Typically, a woman who holds a highly-demanding job and also has a family to look after can feel overwhelmed by responsibilities that go beyond her duties.  It is not just about juggling a career and family – often, a woman running a business will feel responsible towards her employees who have become like her extended family members, and she feels a level of responsibility for their welfare that exceeds that of an employer’s.  Thus, even when outwardly she is capable of making hard business decisions that affect her employees, the stress that builds up from guilty feelings can accumulate overtime.  For instance, making the decision to terminate the employment of someone is never easy, but for someone who feels guilty about not fulfilling her role as multiple nurturer, her guilt can reach damaging levels.   

This stress will tend to spill over to her family life and make her more distant with her family as she struggles with these uncomfortable feelings which are made worse by her sense of failure as chief nurturer for her spouse and children.  Concurrently, she may also feel she has failed as a friend as she judges herself to be doing insufficiently to support her friends or to fulfil her various roles in her social and community circles. 

If this sounds a bit like your life, try these suggestions: 

#1  Time-Off, Get Away

Find a time away from your environment.  Remove yourself from all sources of guilt, i.e. what triggers you to feel guilty (family, work, etc).  Even if you can only find half a day, it will give you back so much in terms of clarity of thought and energy.  It will also allow you to connect to your true self again, get to know your own needs and give you a chance to nurture your needs for a change.  Bringing back some balance this way will allow you to go back to your environment with a fuller tank and better ability to nurture others.     
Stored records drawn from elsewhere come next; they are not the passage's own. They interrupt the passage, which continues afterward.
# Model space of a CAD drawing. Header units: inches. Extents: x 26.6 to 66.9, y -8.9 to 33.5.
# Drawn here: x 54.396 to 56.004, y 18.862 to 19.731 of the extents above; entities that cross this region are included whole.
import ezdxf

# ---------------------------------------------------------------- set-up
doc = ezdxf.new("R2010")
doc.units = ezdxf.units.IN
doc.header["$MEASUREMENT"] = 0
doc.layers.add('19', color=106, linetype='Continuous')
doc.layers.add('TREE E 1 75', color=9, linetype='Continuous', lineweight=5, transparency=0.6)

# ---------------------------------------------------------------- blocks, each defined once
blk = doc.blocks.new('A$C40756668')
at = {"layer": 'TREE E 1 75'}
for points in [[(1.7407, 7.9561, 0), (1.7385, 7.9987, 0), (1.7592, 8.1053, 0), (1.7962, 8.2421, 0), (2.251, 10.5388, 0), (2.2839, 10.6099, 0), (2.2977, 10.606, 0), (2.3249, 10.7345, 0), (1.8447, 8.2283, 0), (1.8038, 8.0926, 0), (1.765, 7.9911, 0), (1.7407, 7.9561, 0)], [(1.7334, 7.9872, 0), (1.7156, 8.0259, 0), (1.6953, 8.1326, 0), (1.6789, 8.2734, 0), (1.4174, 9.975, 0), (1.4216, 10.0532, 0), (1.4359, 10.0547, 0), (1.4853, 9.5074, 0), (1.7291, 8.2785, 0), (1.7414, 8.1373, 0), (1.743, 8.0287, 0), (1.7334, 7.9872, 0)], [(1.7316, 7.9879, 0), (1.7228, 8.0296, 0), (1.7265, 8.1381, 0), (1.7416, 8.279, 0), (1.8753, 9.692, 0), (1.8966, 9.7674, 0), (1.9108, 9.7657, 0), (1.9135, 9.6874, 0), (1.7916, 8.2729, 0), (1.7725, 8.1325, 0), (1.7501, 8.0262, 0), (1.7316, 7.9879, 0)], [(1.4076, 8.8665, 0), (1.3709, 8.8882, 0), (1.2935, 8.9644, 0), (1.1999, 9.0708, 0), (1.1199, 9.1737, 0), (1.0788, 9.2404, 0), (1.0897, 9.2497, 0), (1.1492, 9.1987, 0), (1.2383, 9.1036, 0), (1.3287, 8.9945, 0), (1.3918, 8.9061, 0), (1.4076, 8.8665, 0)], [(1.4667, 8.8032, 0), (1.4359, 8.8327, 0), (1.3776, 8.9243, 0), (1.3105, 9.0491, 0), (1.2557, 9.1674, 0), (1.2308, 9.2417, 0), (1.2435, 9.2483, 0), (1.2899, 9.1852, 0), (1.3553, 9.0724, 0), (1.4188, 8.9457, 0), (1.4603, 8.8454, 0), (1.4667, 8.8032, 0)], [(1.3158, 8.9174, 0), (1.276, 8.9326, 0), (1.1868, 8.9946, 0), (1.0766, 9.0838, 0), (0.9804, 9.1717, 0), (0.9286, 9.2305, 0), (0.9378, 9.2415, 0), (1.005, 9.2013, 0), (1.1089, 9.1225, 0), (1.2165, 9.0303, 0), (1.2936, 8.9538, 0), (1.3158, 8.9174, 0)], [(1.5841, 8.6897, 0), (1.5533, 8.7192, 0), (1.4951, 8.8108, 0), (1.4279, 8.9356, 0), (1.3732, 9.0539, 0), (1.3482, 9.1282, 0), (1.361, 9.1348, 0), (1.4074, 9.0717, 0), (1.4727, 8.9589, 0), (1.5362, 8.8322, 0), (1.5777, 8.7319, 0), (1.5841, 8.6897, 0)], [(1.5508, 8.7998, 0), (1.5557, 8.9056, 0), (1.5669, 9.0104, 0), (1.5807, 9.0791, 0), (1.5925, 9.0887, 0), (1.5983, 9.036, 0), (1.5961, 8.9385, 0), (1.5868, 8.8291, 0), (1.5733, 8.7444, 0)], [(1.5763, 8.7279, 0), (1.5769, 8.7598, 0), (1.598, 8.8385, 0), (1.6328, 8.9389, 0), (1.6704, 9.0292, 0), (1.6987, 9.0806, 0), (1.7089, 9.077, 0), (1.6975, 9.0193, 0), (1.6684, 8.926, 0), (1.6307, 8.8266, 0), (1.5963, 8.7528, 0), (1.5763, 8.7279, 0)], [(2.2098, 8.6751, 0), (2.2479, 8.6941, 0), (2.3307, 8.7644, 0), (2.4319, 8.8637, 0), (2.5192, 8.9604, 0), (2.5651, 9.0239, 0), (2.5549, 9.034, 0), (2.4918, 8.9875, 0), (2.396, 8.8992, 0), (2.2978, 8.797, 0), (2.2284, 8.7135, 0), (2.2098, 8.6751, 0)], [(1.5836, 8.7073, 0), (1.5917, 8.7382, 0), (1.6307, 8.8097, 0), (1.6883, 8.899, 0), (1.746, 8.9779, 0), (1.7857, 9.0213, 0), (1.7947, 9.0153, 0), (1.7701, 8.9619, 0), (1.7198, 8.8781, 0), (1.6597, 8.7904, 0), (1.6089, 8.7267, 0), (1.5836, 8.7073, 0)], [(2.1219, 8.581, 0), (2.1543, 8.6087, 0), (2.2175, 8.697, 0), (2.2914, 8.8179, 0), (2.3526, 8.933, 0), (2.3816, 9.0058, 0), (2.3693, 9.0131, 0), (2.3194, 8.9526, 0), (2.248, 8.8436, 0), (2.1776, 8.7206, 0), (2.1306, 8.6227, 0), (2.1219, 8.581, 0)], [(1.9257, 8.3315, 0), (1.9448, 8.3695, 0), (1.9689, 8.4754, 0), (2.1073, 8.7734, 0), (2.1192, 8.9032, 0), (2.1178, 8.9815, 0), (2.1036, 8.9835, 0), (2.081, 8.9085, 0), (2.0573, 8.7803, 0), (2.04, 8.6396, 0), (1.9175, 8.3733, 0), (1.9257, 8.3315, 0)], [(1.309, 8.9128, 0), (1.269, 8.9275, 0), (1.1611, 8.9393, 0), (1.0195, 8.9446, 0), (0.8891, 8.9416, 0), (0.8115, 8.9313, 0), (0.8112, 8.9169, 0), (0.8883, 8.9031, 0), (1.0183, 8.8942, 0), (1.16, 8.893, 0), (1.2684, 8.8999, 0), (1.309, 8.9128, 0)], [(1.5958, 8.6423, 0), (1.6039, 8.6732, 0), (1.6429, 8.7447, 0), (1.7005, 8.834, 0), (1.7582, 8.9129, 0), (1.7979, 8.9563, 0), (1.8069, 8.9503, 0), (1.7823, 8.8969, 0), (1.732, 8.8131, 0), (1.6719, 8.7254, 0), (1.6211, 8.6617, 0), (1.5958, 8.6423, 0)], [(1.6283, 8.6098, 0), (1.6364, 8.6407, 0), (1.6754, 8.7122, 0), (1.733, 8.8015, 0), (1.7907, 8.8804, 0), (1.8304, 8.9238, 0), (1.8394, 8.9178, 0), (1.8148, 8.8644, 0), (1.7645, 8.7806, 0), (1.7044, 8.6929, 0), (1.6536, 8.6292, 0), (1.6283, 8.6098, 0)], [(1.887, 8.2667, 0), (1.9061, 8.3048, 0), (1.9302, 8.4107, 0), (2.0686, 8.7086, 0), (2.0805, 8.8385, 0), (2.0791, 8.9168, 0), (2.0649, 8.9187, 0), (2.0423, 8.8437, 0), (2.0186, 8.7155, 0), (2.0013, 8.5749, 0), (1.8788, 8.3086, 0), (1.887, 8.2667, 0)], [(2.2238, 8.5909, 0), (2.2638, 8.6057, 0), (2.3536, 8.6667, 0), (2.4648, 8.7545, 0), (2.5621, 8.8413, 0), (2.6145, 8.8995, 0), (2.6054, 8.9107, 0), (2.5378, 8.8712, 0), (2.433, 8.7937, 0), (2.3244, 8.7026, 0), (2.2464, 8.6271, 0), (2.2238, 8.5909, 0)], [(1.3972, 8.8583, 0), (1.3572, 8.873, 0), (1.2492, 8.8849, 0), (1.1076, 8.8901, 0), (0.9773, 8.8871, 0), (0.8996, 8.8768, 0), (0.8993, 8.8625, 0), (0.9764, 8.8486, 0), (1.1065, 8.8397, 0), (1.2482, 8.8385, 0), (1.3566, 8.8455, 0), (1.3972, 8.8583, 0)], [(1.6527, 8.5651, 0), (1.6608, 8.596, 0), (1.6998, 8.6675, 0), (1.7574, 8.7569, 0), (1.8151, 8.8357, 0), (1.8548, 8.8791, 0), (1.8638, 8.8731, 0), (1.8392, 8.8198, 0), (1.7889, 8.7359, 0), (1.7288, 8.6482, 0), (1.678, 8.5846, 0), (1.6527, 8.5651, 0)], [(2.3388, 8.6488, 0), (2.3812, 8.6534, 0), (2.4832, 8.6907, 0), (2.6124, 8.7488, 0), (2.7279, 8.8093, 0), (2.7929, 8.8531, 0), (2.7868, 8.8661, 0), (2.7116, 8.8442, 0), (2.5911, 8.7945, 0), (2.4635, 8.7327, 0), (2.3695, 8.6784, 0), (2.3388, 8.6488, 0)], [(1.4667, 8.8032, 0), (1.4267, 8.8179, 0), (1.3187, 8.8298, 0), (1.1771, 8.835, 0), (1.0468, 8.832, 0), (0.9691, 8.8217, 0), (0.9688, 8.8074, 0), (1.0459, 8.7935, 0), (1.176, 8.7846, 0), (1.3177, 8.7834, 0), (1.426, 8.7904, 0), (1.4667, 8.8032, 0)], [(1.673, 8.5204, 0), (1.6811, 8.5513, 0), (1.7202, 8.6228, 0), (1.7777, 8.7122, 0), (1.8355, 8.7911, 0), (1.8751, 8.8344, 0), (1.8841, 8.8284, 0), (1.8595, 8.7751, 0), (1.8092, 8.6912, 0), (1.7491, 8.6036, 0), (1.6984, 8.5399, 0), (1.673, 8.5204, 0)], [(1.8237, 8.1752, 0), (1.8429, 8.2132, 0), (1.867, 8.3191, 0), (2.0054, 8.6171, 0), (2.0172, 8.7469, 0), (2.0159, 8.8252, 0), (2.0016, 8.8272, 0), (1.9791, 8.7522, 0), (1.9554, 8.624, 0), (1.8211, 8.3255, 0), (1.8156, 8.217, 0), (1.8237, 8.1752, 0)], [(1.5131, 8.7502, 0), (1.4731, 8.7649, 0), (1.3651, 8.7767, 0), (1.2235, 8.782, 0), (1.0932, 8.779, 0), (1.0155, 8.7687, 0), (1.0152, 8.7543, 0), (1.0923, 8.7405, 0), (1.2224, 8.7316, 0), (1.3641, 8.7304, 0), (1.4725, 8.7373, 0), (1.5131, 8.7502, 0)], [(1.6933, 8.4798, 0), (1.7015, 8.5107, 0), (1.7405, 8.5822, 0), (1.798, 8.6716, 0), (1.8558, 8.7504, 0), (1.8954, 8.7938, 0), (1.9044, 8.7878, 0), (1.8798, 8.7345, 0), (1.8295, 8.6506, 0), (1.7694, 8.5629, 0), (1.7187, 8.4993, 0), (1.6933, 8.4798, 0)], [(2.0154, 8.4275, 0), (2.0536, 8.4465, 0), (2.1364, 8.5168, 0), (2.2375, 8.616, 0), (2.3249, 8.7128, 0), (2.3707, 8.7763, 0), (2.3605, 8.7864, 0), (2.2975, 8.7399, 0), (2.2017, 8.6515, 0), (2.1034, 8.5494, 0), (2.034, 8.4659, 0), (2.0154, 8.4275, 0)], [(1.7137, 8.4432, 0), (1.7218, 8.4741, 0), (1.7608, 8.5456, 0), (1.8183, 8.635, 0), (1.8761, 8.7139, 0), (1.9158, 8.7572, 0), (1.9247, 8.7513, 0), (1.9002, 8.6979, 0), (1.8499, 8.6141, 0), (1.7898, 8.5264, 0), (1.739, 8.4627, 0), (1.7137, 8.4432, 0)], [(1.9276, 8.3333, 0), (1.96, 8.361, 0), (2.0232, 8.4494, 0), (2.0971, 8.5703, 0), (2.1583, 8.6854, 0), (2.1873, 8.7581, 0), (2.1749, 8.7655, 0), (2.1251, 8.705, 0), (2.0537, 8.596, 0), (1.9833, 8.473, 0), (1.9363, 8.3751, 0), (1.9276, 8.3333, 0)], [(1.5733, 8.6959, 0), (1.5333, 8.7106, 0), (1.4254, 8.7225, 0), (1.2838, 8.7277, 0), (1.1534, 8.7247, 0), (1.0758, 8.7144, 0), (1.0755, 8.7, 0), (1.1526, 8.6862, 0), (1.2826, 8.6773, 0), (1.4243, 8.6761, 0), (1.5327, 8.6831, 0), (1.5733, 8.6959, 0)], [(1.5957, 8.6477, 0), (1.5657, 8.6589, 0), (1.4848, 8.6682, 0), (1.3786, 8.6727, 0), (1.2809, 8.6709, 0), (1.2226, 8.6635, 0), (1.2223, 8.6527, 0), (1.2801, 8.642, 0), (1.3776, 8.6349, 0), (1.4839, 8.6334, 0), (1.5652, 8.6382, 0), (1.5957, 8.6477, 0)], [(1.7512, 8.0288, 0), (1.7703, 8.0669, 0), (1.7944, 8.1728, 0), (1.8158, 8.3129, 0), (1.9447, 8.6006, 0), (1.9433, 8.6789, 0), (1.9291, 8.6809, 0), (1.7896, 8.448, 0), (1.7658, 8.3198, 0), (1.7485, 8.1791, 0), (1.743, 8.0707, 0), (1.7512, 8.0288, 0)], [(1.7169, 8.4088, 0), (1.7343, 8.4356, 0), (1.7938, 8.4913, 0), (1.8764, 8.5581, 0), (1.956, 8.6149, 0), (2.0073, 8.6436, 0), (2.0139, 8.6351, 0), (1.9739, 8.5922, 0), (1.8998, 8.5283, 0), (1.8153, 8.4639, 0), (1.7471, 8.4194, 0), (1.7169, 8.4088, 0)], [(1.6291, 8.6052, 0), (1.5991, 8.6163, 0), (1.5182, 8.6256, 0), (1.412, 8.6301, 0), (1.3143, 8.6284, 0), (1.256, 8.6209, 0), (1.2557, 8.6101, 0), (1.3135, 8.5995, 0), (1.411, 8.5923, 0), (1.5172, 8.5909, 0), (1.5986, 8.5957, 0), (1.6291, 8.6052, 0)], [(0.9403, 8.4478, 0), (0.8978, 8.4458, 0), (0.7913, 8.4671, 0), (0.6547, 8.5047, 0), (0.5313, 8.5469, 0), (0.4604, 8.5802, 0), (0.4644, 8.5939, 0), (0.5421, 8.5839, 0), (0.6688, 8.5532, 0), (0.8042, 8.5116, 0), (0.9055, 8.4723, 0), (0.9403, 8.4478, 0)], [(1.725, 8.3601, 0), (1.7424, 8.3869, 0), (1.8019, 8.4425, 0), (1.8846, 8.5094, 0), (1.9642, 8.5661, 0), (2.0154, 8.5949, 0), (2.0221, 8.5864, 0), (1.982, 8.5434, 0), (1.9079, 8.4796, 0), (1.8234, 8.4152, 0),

For this reason, it is imperative to make it a priority to put aside some time for yourself every day.  Asking someone who is caught in a life of over-responsibility and guilt to take time out for herself on a daily basis is often met with resistance, as she is convinced it is impossible to find any free time from her busy schedule.  But it’s essential to find that time or you risk becoming even more unhealthy and unhappy.  Challenge yourself if you think you can’t possibly sacrifice anything from your schedule to create a slot for yourself.  Think of the consequences of burning out if you didn’t do something to correct that imbalance now.  

#2  Give Up Being Control Freak

Those close to you might have joked about you being a control freak.  Even if you tend to laiugh it off, ask yourself honestly if you might be just a bit too attached to your roles.  If so, you are putting in too much effort trying to control outcomes.  Most women are resistant to give up this control because it makes them feel like they’re not being a responsible mother/wife/boss.  But if you’re too controlling as a mother/wife/boss, giving up some of this control will make you a more responsible mother/wife/boss.  This is because when you’re stressed out from the crazy need to control, you will express your frustrations to those around you and end up doing the opposite of nurturing the emotions of those you love. 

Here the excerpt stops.